Amran juga menyatakan bahwa saat ini kita sudah swasembada protein, karena kita sudah ekspor protein. “Jawa Timur luar biasa”, lanjut Amran, karena tercatat kelahiran sapi sebanyak 1,3 juta ekor/tahun. Maka, apabila ada 5 provinsi lainnya seperti Jatim, tidak perlu dikhawatirkan mengenai pemenuhan kebutuhan daging dan protein untuk masyarakat Indonesia. Dalam lanjutan sambutannya, Amran menyampaikan bahwa 3 tahun yang lalu populasi sapi kita 13 juta ekor dan saat ini telah mencpai 16,8 juta ekor. Selain itu, selama 4 tahun terakhir, ekspor dari sektor pertanian kita naik 24%, berasal dari 460 jenis komoditas pertanian. Pada tahun 2017, nilai ekspor pertanian Indosesia sebesar US$33,05 miliar, meningkat US$ 4,98 miliar atau naik 17,74% dibanding tahun 2015 sebesar US$ 28,05 miliar. Bahkan, pada tahun 2018, berdasarkan data sampai bulan Agustus bahwa ekspor pertanian Indonesia telah mencapai US$ 19,38 miliar dimana salah satunya adalah kontribusi dari ekspor jagung sebesar 290 ribu ton ke Philipina.

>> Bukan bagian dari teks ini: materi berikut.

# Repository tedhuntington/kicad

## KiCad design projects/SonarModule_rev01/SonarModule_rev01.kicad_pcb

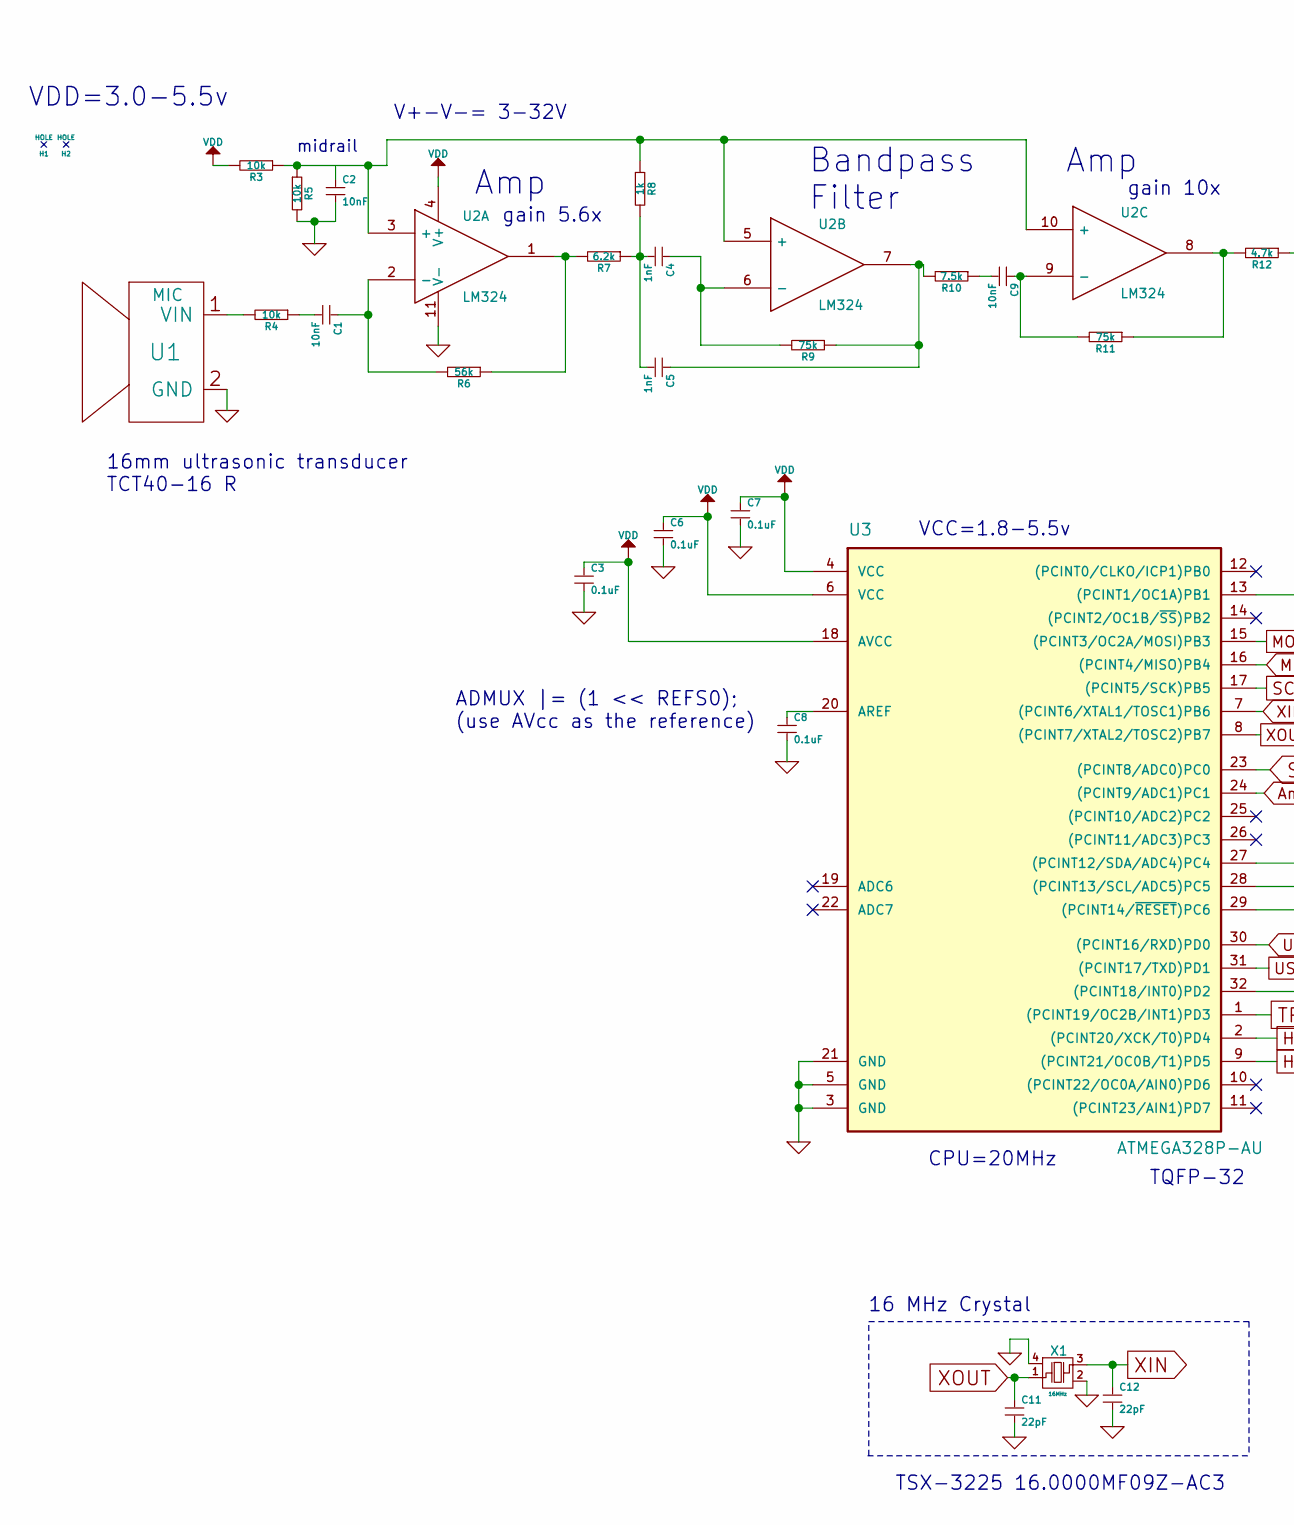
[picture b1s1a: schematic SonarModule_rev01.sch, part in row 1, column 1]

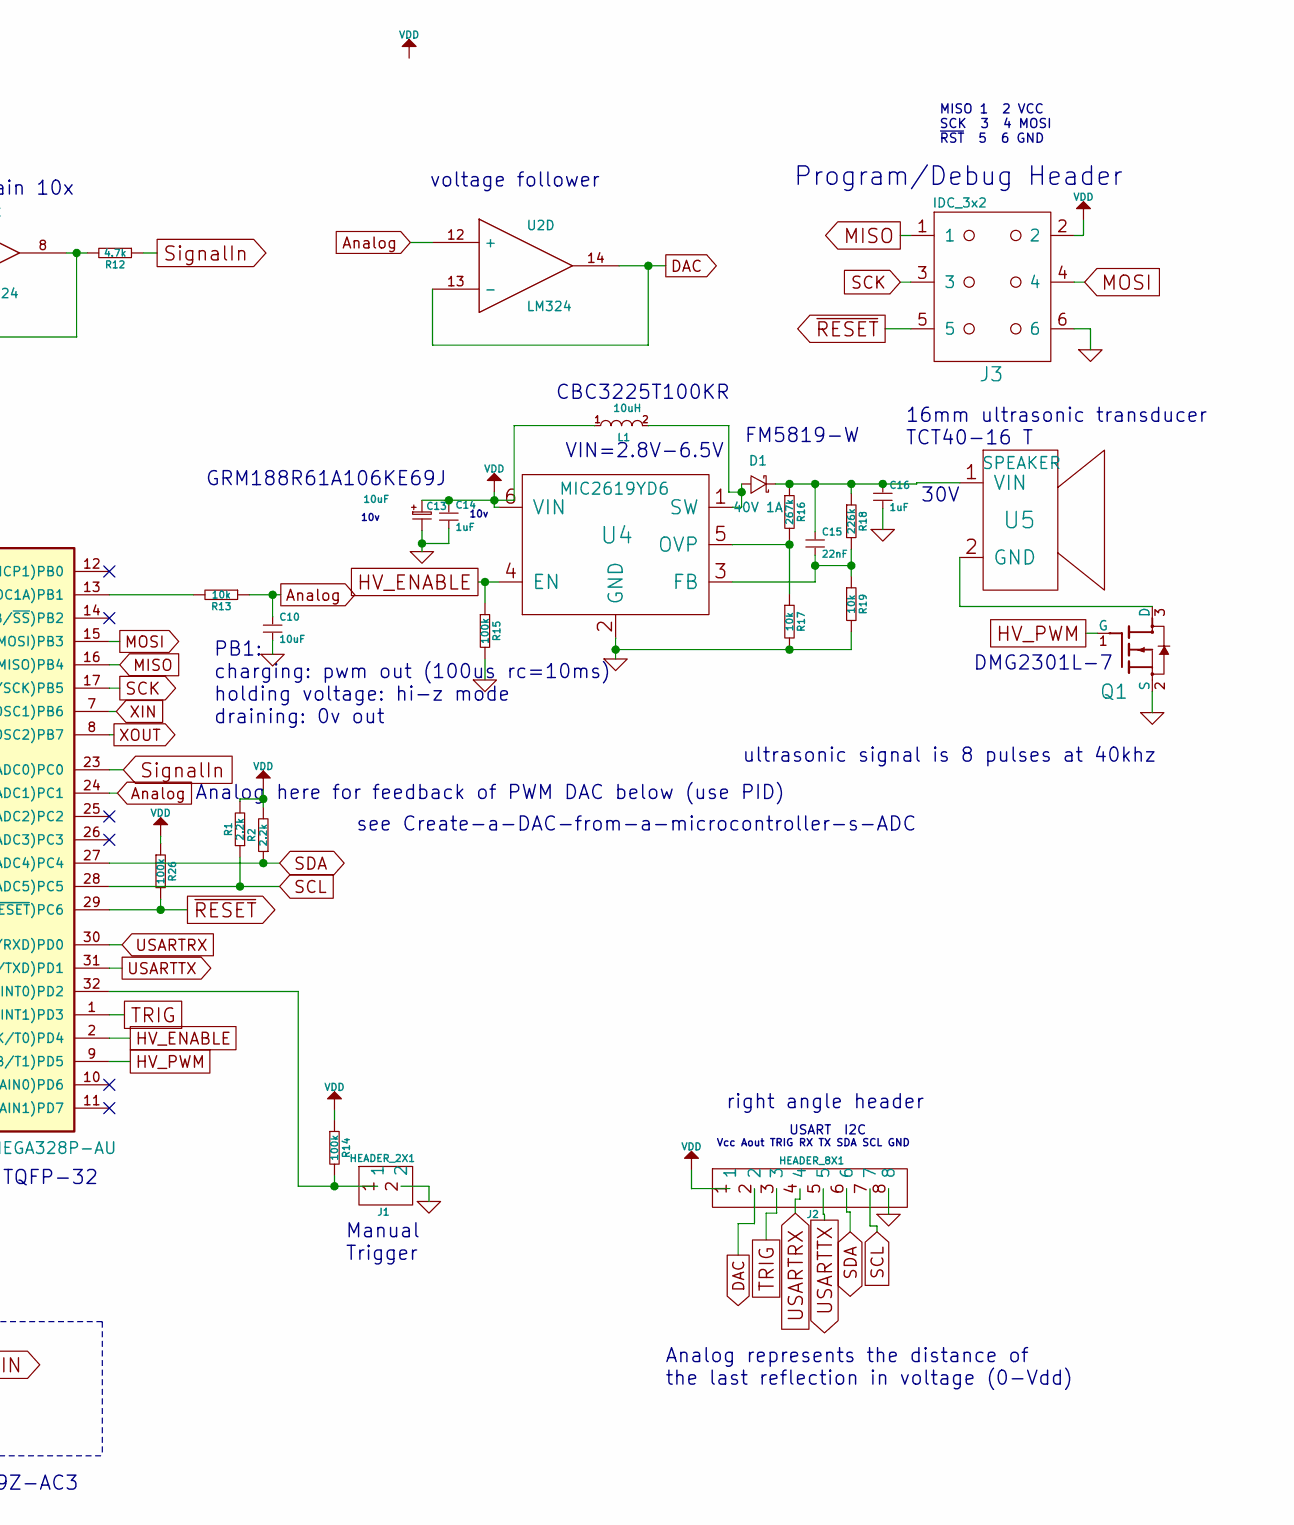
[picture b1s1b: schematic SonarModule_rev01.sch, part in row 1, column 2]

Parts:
C1, C2, C9: 10nF; TED_SM1608_0603_C
C3, C6, C7, C8: 0.1uF; TED_SM1608_0603_C
C4, C5: 1nF; TED_SM1608_0603_C
C10, C13: 10uF; TED_SM1608_0603_C
C11, C12: 22pF; TED_SM1608_0603_C
C14, C16: 1uF; TED_SM1608_0603_C
C15: 22nF; TED_SM1608_0603_C
D1: 40V 1A; TED_DO-214AC
H1, H2: HOLE; TED_Hole_3mm
J1: HEADER_2X1; TED_HEADER_2x1
J2: HEADER_8X1; TED_HEADER_8x1
J3: IDC_3x2; TED_HEADER_3x2
L1: 10uH; L_3225_1210
Q1: NMOSFET_GSD; SOT-23
R1, R2: 2.2k; TED_SM0603_R
R3, R4, R5, R13, R17, R19: 10k; TED_SM0603_R
R6: 56k; TED_SM0603_R
R7: 6.2k; TED_SM0603_R
R8: 1k; TED_SM0603_R
R9, R11: 75k; TED_SM0603_R
R10: 7.5k; TED_SM0603_R
R12: 4.7k; TED_SM0603_R
R14, R15, R26: 100k; TED_SM0603_R
R16: 267k; TED_SM0603_R
R18: 226k; TED_SM0603_R
U1: MIC; Transducer_16mm
U2: LM324; SOIC-14_3.9x8.7mm_Pitch1.27mm
U3: ATMEGA328P-AU; TQFP-32_7x7mm_Pitch0.8mm
U4: MIC2619YD6; SOT-23-6
U5: SPEAKER; Transducer_16mm
X1: 16MHz; TED_crystal_FA-20H

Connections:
Analog: C10.1, R13.1, U2.12 (+), U3.24 ((PCINT9/ADC1)PC1)
DAC: J2.2, U2.13 (-), U2.14
GND: C2.2, C3.2, C6.2, C7.2, C8.2, C10.2, C11.2, C12.2, C13.2, C14.2, C16.2, J1.2, J2.8, J3.6, Q1.2 (S), R5.2, R15.2, R17.2, R19.2, U1.2 (GND), U2.11 (V-), U3.3 (GND), U3.5 (GND), U3.21 (GND), U4.2 (GND), X1.2, X1.4
HV_ENABLE: R15.1, U3.2 ((PCINT20/XCK/T0)PD4), U4.4 (EN)
HV_PWM: Q1.1 (G), U3.9 ((PCINT21/OC0B/T1)PD5)
MISO: J3.1, U3.16 ((PCINT4/MISO)PB4)
MOSI: J3.4, U3.15 ((PCINT3/OC2A/MOSI)PB3)
unnamed: C1.1, R6.2, U2.2 (-)
unnamed: C1.2, R4.1
unnamed: C4.1, R9.2, U2.6 (-)
unnamed: C4.2, C5.2, R7.1, R8.2
unnamed: C5.1, R9.1, R10.2, U2.7
unnamed: C8.1, U3.20 (AREF)
unnamed: C9.1, R11.2, U2.9 (-)
unnamed: C9.2, R10.1
unnamed: C15.1, C16.1, D1.2 (K), R16.1, R18.1, U5.1 (VIN)
unnamed: C15.2, R18.2, R19.1, U4.3 (FB)
unnamed: D1.1 (A), L1.2, U4.1 (SW)
unnamed: J1.1, R14.2, U3.32 ((PCINT18/INT0)PD2)
unnamed: Q1.3 (D), U5.2 (GND)
unnamed: R3.1, R5.1, R8.1, U2.3 (+), U2.5 (+), U2.10 (+)
unnamed: R4.2, U1.1 (VIN)
unnamed: R6.1, R7.2, U2.1
unnamed: R11.1, R12.2, U2.8
unnamed: R13.2, U3.13 ((PCINT1/OC1A)PB1)
unnamed: R16.2, R17.1, U4.5 (OVP)
SCK: J3.3, U3.17 ((PCINT5/SCK)PB5)
SCL: J2.7, R1.1, U3.28 ((PCINT13/SCL/ADC5)PC5)
SDA: J2.6, R2.1, U3.27 ((PCINT12/SDA/ADC4)PC4)
SignalIn: R12.1, U3.23 ((PCINT8/ADC0)PC0)
TRIG: J2.3, U3.1 ((PCINT19/OC2B/INT1)PD3)
USARTRX: J2.4, U3.30 ((PCINT16/RXD)PD0)
USARTTX: J2.5, U3.31 ((PCINT17/TXD)PD1)
VDD: C3.1, C6.1, C7.1, C13.1, C14.1, J2.1, J3.2, L1.1, R1.2, R2.2, R3.2, R14.1, R26.1, U2.4 (V+), U3.4 (VCC), U3.6 (VCC), U3.18 (AVCC), U4.6 (VIN)
XIN: C12.1, U3.7 ((PCINT6/XTAL1/TOSC1)PB6), X1.3
XOUT: C11.1, U3.8 ((PCINT7/XTAL2/TOSC2)PB7), X1.1
~RESET~: J3.5, R26.2, U3.29 ((PCINT14/~RESET~)PC6)

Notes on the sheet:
VDD=3.0-5.5v
16 MHz Crystal
USART
MISO 1 2 VCC SCK 3 4 MOSI ~RST~ 5 6 GND
Program/Debug Header
Vcc Aout TRIG RX TX SDA SCL GND
Manual Trigger
I2C
VIN=2.8V-6.5V
30V
Amp
Bandpass Filter
midrail
voltage follower
gain 5.6x
gain 10x
ultrasonic signal is 8 pulses at 40khz
Analog represents the distance of the last reflection in voltage (0-Vdd)
ADMUX |= (1 << REFS0); (use AVcc as the reference)
Analog here for feedback of PWM DAC below (use PID)
see Create-a-DAC-from-a-microcontroller-s-ADC
PB1: charging: pwm out (100us rc=10ms) holding voltage: hi-z mode draining: 0v out
right angle header
16mm ultrasonic transducer TCT40-16 T
16mm ultrasonic transducer TCT40-16 R
CBC3225T100KR
FM5819-W
GRM188R61A106KE69J
DMG2301L-7
CPU=20MHz
TQFP-32
VCC=1.8-5.5v
V+-V-= 3-32V
10v
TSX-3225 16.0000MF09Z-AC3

Atas capaian-capaian tersebut di atas, Amran berkesimpulan bahwa program Kementerian Pertanian sudah berjalan secara benar, dan beliau sangat optimis bahwa tercapainya kedaulatan pangan bagi Indonesia akan menjadi kenyataan dalam waktu tidak terlalu lama. Oleh karena itu, atas nama Kementerian Pertanian, Menteri Pertanian sangat mengapresiasi semangat serta kerja keras dan kerja ikhlas petani (termasuk peternak dan nelayan Indonesia) dalam mendukung keberhasilan program-program Pemerintah dalam mewujudkan Indonesia sebagai lumbung pangan dunia tahun 2045 dan juga terwujudnya cita-cita luhur para pendahulu kita, yakni tercapainya masyarakat yang adil, makmur dan sejahtera berdasarkan Pancasila dan UUD ’45.

Pada acara Kontes Ternak dan Panen Pedet Tingkat Provinsi Jawa Timur kali ini juga diberikan penghargaan/hadiah bagi peternak yang telah berhasil dalam pengelolaan sapi calon indukan, antara lain : Juara 1 Pemilik Calon Indukan Sapi Perah diraih peternak dari Kabupaten Jombang dan Juara 1 Pemilik Calon Indukan Sapi Madura diraih peternak dari Pamekasan.

Kepala Lolit Sapi Potong Grati-Pasuruan, Dr. Dicky Pamungkas, menyatakan bahwa brangkasan berupa hijauan dan/atau limbah tanaman aneka kacang sangat potensial sebagai bahan pakan penunjang bagi ternak, termasuk sapi. Bahkan, menurut Dicky, pakan dari brangkasan tanaman aneka kacang mengandung senyawa vito-estrogen yang sangat bermanfaat untuk meningkatkan libido ternak jantan.

Gambar 2. Contoh sapi bangsa Belgian Blue dengan potensi bobot 2 ton.

Gambar 2. Contoh sapi bangsa Belgian Blue dengan potensi bobot 2 ton.